• [Directions] The exact lines of the listing, from its first through the line that contains "doc.units = ezdxf.units.IN", are to make up the answer, and pictures are to be left out.

• [Supplied information]
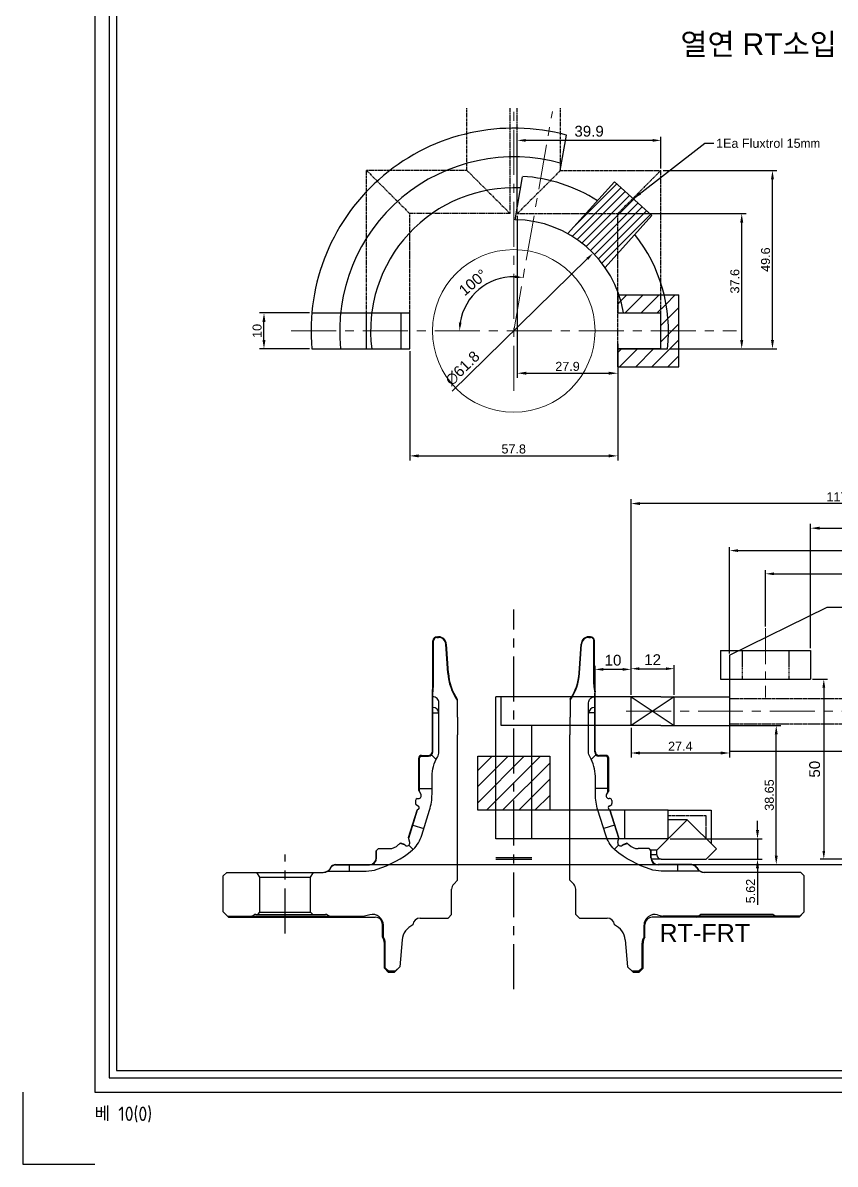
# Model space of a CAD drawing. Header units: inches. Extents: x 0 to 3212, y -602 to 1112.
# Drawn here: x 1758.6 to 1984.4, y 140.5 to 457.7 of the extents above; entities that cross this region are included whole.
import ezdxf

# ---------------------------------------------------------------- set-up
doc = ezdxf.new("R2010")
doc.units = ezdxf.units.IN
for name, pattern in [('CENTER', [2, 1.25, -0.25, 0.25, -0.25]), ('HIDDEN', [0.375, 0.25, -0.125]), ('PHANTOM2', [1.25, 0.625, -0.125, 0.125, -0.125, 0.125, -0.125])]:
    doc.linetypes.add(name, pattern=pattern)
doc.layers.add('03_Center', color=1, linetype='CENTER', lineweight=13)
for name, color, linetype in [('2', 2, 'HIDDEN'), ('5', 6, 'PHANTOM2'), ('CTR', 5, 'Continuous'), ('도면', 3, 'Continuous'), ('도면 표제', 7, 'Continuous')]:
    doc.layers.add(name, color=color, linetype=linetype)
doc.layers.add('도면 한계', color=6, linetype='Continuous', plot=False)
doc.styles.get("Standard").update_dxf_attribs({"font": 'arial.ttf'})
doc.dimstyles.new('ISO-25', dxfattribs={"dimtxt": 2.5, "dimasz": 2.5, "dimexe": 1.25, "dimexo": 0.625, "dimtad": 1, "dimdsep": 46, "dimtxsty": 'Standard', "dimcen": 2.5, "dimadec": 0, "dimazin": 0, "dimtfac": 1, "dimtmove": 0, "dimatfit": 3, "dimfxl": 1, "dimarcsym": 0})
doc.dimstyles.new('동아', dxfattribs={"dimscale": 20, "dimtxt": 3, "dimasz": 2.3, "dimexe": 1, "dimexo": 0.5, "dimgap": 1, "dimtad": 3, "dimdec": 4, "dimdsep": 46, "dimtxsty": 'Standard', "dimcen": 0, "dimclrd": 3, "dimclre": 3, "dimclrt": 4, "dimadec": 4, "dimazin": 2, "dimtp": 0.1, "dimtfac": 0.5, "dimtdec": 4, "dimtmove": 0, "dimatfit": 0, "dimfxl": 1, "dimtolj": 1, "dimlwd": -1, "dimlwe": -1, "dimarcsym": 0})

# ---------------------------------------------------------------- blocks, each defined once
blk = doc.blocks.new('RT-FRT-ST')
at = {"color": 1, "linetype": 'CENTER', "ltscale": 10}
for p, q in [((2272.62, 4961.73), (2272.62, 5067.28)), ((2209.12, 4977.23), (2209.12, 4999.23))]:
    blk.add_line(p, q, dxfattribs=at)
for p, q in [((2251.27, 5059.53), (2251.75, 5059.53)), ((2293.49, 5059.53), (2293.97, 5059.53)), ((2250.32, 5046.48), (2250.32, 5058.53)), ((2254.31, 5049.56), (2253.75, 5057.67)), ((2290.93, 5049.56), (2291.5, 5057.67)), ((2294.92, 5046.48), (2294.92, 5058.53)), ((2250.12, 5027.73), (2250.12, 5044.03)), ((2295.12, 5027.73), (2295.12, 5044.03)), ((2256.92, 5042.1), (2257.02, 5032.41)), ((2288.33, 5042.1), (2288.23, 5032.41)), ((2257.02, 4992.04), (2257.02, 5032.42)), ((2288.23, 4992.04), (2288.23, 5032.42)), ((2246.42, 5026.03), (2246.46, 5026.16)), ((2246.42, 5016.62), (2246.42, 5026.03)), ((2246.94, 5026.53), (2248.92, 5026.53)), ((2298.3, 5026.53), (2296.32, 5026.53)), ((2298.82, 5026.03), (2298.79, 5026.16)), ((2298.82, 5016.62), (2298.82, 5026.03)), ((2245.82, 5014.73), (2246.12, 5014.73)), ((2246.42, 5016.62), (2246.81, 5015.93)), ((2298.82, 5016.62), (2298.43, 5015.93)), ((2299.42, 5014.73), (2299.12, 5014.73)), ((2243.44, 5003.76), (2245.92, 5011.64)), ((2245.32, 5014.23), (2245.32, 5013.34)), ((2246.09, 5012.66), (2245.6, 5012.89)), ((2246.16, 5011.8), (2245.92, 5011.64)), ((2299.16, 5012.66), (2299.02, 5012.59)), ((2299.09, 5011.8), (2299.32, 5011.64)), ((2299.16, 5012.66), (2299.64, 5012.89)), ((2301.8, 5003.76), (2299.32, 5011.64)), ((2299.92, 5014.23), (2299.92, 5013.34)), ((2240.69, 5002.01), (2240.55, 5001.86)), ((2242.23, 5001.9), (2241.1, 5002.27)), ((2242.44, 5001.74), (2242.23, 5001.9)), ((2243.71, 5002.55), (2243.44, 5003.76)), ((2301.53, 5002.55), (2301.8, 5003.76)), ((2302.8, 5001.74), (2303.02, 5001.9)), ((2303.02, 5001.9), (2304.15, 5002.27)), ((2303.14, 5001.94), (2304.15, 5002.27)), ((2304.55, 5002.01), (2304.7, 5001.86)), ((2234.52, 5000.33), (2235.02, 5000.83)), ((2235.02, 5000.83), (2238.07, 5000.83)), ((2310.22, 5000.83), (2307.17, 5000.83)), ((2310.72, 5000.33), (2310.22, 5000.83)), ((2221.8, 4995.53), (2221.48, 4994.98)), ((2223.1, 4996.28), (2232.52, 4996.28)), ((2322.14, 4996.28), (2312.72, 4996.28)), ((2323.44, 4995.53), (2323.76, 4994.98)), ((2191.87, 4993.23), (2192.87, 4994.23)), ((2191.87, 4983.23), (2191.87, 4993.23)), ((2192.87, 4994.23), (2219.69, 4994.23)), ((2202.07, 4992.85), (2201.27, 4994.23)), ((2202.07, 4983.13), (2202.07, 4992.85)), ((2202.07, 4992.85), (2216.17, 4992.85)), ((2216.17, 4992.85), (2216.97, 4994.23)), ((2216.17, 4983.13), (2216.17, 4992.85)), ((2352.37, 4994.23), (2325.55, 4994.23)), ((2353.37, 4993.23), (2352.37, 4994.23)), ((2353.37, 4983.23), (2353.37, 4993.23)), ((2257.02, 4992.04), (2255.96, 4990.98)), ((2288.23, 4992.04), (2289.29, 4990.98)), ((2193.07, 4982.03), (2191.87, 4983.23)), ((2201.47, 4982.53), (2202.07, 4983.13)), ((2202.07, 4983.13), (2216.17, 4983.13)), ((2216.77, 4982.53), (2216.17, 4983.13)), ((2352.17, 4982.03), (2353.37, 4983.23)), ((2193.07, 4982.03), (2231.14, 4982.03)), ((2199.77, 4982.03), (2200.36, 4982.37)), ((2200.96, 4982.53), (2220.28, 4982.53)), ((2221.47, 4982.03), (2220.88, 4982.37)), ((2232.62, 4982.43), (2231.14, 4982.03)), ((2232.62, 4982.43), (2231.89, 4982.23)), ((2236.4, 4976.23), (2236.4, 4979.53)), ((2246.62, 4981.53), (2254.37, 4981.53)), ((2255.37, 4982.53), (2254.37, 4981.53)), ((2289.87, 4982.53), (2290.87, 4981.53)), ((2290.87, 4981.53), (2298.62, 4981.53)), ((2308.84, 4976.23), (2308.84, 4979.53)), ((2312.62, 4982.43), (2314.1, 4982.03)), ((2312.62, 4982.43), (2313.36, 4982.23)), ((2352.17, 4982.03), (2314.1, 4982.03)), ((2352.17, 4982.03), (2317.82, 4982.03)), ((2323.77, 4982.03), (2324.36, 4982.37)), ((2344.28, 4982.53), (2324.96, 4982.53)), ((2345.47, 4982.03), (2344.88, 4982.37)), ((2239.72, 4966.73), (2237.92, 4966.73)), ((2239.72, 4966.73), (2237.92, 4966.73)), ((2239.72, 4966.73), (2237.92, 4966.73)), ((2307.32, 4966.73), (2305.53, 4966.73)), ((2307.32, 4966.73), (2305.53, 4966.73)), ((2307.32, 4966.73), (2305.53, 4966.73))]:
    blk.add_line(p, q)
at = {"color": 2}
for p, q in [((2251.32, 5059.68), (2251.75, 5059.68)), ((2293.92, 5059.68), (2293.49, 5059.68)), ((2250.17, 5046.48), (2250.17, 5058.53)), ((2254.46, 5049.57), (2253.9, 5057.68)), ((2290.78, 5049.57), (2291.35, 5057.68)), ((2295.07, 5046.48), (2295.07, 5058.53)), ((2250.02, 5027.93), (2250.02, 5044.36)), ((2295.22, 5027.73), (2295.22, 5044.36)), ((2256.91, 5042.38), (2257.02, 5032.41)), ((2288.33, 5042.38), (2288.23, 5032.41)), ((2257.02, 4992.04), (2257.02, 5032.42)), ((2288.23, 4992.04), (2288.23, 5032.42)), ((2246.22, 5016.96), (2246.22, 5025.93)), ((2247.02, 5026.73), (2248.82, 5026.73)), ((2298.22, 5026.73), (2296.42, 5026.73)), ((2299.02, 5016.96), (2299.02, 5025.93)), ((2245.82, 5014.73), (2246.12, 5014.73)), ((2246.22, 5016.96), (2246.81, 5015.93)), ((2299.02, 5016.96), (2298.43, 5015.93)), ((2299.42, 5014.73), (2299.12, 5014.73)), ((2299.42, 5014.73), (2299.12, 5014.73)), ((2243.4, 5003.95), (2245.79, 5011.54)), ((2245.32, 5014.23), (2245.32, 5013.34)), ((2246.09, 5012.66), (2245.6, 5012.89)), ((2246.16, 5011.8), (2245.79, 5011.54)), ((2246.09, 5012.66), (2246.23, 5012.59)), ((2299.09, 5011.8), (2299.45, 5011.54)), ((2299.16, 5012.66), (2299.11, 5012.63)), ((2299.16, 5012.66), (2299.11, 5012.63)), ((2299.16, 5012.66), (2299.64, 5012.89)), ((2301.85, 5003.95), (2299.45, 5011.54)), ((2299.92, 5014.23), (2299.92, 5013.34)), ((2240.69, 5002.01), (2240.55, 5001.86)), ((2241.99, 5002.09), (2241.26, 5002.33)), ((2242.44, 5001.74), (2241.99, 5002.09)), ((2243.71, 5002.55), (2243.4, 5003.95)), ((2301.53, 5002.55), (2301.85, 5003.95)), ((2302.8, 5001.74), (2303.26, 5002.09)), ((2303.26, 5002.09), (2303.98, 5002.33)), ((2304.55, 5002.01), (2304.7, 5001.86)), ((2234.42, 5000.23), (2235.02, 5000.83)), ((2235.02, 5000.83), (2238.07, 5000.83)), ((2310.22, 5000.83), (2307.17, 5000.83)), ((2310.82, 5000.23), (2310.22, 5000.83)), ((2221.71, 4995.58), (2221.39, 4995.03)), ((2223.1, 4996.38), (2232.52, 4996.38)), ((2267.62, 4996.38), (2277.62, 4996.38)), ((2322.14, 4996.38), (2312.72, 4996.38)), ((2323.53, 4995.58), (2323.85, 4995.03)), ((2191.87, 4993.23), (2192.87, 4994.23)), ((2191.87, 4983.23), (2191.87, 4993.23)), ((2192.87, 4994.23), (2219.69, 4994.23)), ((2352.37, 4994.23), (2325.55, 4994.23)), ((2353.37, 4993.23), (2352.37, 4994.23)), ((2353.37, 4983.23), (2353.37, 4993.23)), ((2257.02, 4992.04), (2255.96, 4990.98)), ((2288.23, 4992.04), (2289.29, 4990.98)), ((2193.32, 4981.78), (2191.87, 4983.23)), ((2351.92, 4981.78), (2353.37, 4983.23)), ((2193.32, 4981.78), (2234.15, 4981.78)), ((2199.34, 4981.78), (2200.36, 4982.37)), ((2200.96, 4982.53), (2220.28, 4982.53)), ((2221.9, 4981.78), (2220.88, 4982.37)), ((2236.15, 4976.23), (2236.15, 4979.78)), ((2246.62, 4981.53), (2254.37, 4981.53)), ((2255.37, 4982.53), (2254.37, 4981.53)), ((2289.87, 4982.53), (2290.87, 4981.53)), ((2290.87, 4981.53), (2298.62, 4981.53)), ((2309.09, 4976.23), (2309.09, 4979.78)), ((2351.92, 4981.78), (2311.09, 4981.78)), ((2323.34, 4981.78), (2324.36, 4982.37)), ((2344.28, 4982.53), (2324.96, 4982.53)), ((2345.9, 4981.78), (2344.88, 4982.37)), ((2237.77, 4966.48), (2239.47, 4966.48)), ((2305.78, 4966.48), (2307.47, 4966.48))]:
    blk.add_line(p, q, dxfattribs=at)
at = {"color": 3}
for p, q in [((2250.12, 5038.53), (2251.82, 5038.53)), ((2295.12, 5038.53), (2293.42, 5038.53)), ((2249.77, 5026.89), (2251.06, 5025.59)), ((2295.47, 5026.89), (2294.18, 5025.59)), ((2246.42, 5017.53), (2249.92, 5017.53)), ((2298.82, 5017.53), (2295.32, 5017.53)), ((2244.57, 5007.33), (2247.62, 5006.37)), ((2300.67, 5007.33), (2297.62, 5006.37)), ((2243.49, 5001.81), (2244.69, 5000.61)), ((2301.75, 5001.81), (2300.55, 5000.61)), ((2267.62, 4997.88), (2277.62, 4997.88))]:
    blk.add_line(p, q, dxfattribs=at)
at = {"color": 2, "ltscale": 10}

• [Response]
# Model space of a CAD drawing. Header units: inches. Extents: x 0 to 3212, y -602 to 1112.
# Drawn here: x 1758.6 to 1984.4, y 140.5 to 457.7 of the extents above; entities that cross this region are included whole.
import ezdxf

# ---------------------------------------------------------------- set-up
doc = ezdxf.new("R2010")
doc.units = ezdxf.units.IN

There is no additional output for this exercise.